Cromagnon Man - One of the earliest and best established fossils is at least equal in physique and brain capacity to modern man.

Name: Anonymous 2008-02-06 13:30

>>7
RAO = Recent African Origin, or the Recently Out-of-Africa theory.
It is now off the table, genomics refute it.
Homo sapiens neanderthalensis disagrees.
``Modern Homo sapiens'' and ``Homo sapiens sapiens'' are synonyms, but that by no means means modern Homo sapiens isn't a subspecies of Homo sapiens.
http://en.wikipedia.org/wiki/Human Check the table.
http://en.wikipedia.org/wiki/Binomial_nomenclature
In biology, binomial nomenclature is the formal system of naming specific species. The system is also called binominal nomenclature (particularly in zoological circles), binary nomenclature (particularly in botanical circles), or the binomial classification system. The essence of it is that each species name is in (modern scientific) Latin and has two parts, so that it is also sometimes popularly known as the "Latin name" of the species, although this terminology is frowned upon by biologists and philologists, who prefer the phrase scientific name.
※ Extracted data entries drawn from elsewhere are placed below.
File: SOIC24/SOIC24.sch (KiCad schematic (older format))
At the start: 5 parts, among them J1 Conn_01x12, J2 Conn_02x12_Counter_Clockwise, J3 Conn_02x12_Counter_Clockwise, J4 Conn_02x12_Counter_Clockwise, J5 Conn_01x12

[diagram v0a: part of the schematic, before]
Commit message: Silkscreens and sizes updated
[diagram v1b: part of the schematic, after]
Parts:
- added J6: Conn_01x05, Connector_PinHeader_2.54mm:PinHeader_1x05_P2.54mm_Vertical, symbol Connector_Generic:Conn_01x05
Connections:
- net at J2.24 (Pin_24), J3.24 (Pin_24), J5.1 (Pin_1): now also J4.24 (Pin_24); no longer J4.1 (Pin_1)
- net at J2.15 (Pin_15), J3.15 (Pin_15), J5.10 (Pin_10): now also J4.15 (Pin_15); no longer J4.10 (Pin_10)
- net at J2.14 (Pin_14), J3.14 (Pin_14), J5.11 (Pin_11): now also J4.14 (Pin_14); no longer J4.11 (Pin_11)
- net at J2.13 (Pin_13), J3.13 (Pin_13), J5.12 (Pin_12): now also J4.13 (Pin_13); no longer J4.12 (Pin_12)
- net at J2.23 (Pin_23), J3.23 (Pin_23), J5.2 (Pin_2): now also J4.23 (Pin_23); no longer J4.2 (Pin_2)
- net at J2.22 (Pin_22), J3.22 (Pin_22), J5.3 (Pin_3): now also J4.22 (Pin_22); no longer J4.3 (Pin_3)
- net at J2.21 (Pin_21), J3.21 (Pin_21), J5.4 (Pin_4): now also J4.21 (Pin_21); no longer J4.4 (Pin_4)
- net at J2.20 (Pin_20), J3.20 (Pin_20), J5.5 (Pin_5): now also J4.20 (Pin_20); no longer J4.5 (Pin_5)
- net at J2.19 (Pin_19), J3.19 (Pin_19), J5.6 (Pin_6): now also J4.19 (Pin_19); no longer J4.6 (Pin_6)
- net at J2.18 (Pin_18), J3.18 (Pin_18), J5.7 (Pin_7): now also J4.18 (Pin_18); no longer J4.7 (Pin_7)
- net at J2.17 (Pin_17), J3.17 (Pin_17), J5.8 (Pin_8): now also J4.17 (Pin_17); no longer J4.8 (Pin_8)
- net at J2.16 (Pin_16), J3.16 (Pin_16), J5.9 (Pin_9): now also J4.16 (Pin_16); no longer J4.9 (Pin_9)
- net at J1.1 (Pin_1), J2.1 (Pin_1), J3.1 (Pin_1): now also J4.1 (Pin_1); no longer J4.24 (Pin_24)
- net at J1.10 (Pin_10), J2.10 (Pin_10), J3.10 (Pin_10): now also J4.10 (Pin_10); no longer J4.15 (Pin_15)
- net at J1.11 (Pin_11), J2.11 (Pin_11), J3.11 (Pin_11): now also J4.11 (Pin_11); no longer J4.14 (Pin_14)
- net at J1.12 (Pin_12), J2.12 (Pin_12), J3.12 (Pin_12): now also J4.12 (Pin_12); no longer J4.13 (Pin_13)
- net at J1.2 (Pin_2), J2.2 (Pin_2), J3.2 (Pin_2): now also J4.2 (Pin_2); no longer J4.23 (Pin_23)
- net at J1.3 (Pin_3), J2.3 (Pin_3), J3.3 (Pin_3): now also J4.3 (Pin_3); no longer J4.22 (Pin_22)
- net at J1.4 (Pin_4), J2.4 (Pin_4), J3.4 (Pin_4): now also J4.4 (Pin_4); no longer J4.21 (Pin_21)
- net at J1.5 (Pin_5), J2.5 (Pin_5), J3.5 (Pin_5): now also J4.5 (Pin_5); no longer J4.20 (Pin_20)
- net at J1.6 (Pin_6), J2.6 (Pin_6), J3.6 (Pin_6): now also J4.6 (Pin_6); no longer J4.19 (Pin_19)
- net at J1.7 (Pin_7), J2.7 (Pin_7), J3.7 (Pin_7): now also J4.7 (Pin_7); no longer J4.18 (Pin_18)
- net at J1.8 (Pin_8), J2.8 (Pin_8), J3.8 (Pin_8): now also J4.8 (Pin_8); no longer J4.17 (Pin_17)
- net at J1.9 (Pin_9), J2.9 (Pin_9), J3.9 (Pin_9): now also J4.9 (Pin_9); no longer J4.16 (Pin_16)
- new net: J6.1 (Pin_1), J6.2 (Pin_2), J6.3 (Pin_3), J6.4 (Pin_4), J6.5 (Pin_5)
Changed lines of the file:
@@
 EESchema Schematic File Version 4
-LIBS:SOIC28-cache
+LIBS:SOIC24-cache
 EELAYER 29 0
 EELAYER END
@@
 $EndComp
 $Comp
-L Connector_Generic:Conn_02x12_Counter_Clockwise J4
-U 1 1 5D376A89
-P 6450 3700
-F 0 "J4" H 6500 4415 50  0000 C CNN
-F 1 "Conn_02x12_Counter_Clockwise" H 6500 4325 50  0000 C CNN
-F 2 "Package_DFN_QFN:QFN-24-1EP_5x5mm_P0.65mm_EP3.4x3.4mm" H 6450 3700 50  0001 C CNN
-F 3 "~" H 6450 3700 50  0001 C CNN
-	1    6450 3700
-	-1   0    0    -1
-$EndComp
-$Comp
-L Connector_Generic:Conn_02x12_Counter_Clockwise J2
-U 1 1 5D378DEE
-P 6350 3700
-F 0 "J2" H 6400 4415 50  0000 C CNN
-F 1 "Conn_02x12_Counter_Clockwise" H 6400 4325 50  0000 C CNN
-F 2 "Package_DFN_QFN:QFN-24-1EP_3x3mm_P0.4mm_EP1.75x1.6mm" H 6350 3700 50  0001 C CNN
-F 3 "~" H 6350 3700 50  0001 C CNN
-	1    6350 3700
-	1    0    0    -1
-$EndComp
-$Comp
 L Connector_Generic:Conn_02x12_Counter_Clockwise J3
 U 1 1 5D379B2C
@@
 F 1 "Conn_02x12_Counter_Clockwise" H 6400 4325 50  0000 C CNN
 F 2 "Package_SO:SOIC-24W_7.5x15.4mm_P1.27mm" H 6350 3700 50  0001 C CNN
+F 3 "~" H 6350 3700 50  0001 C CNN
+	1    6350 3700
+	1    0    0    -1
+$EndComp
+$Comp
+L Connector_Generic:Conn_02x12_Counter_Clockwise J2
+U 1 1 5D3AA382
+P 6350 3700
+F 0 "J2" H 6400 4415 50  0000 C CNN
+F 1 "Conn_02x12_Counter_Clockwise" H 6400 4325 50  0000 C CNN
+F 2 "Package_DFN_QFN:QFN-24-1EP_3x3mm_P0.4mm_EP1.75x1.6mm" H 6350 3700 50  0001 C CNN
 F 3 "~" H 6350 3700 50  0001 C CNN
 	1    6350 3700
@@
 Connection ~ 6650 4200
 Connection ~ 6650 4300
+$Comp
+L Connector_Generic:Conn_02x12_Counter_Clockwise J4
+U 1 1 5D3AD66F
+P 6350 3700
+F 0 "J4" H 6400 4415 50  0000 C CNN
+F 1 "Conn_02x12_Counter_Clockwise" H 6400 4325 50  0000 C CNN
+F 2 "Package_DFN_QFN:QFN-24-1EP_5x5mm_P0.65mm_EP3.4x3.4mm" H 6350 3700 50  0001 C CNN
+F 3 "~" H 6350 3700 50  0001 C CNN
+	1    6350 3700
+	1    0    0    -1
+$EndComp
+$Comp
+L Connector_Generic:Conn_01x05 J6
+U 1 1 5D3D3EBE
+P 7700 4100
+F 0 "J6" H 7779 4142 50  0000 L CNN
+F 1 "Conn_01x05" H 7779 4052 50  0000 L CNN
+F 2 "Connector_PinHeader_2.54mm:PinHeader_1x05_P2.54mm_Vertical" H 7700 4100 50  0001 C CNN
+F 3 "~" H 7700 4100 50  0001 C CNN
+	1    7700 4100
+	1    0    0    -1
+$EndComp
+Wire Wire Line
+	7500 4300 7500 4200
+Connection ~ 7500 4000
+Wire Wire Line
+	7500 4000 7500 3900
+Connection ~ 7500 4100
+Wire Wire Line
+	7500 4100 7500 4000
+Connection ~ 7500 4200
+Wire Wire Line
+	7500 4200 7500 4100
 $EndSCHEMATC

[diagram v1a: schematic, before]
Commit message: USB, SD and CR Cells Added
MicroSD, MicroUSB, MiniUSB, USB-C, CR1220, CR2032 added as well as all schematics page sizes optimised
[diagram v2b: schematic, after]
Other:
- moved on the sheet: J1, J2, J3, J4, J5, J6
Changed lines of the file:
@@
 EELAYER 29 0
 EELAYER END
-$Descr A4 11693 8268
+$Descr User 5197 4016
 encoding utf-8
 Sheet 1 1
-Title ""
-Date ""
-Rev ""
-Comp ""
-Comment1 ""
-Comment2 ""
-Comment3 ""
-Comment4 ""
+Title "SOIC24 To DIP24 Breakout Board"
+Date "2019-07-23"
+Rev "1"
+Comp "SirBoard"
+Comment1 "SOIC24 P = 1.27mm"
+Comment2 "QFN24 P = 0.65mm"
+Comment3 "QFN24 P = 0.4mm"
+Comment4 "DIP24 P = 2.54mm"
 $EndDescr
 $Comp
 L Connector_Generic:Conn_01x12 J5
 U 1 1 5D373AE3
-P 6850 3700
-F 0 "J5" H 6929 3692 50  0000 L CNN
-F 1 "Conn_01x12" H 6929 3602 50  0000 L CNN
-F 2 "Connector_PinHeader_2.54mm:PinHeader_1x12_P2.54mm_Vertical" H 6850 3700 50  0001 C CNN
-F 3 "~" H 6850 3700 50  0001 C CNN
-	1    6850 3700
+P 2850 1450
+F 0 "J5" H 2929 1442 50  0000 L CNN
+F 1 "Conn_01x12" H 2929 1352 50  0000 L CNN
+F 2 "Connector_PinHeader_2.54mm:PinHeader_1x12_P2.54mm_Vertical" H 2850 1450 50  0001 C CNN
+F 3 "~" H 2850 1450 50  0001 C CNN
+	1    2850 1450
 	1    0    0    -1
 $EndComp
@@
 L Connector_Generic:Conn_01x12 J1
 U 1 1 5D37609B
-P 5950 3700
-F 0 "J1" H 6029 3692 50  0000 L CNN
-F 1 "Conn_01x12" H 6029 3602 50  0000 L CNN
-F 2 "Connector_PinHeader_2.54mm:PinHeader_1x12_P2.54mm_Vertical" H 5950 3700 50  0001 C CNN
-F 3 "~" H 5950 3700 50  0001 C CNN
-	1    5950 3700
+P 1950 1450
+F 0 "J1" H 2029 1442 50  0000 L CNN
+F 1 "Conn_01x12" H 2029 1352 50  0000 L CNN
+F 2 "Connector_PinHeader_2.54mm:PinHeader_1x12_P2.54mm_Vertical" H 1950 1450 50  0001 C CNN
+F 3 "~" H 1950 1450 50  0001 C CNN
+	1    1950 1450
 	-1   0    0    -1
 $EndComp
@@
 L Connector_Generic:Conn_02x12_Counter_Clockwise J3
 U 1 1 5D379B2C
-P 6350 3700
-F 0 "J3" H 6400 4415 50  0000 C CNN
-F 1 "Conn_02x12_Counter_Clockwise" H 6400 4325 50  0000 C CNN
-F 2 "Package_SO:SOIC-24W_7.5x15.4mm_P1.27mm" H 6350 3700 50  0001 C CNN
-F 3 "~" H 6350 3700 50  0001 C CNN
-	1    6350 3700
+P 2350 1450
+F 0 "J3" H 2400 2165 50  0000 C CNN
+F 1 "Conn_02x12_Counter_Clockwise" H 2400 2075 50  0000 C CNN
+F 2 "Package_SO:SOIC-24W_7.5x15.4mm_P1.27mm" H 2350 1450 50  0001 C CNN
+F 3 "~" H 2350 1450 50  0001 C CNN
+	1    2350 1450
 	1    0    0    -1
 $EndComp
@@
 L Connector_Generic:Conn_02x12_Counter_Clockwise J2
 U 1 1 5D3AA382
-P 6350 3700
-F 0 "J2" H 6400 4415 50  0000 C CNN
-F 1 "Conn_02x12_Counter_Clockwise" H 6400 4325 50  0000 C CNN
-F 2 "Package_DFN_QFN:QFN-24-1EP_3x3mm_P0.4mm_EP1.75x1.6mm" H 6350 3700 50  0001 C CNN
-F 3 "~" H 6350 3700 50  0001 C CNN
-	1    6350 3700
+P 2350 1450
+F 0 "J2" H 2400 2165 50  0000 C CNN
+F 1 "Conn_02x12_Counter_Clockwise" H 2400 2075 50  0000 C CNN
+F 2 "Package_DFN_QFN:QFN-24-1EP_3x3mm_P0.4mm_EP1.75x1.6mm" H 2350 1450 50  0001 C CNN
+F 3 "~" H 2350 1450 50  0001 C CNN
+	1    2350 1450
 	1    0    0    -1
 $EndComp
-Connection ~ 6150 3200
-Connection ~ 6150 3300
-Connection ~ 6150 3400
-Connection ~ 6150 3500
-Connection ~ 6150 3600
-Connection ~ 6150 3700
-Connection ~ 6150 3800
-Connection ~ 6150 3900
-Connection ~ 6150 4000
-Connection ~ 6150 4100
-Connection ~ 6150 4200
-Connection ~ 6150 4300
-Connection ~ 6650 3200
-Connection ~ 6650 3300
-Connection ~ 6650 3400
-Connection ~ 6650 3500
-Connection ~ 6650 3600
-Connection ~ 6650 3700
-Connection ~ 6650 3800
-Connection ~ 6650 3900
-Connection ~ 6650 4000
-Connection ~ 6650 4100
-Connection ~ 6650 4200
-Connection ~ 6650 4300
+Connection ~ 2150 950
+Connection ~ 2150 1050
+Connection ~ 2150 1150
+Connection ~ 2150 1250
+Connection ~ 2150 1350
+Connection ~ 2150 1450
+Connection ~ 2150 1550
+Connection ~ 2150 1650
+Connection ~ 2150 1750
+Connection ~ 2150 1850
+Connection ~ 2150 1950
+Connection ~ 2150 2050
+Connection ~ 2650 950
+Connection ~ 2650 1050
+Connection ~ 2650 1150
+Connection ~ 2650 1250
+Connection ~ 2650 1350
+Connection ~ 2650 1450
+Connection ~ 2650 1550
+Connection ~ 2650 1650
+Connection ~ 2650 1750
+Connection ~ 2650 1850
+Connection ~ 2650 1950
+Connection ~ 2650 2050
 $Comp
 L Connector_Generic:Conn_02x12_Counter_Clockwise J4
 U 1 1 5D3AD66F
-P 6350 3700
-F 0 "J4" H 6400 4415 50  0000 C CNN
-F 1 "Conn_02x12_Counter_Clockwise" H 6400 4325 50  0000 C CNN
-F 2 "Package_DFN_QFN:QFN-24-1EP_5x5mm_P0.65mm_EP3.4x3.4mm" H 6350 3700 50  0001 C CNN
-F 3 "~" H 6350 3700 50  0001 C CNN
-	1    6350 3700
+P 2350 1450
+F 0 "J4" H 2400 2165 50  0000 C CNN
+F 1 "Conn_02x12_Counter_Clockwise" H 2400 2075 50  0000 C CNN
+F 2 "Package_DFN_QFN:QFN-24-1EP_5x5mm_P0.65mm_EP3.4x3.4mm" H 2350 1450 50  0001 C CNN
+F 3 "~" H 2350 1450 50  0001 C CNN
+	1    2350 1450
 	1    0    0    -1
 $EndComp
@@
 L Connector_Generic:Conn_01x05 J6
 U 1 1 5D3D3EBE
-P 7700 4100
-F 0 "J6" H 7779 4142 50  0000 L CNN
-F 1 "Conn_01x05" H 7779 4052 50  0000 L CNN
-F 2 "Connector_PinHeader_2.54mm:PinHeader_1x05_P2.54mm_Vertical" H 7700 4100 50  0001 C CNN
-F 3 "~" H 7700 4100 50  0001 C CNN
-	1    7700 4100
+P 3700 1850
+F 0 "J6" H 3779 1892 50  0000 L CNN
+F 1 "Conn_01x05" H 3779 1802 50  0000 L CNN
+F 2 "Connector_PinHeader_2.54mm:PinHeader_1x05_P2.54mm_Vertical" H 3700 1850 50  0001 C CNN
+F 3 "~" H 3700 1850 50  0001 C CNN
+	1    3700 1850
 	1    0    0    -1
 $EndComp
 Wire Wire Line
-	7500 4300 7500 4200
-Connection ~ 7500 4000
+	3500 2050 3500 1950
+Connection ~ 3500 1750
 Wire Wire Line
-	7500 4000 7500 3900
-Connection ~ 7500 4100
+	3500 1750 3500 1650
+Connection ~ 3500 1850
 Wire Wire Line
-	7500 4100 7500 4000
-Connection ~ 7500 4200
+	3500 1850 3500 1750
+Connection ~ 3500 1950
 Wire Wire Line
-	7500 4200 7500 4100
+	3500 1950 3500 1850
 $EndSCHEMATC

http://en.wikipedia.org/wiki/Trinomial_nomenclature
In biology, trinomial nomenclature refers to names for taxa below the rank of species. This is different for animals and plants:
* for animals see trinomen. There is only one rank allowed below the rank of species: subspecies.
http://en.wikipedia.org/wiki/Trinomen
In zoology, a trinomen, or trinominal name, refers to the name of a subspecies.
A trinomen is a name consisting of three names: generic name, specific name and subspecific name. All three names are typeset in italics, and only the generic name is capitalised. No indicator of rank is included: in zoology, subspecies is the only rank below that of species.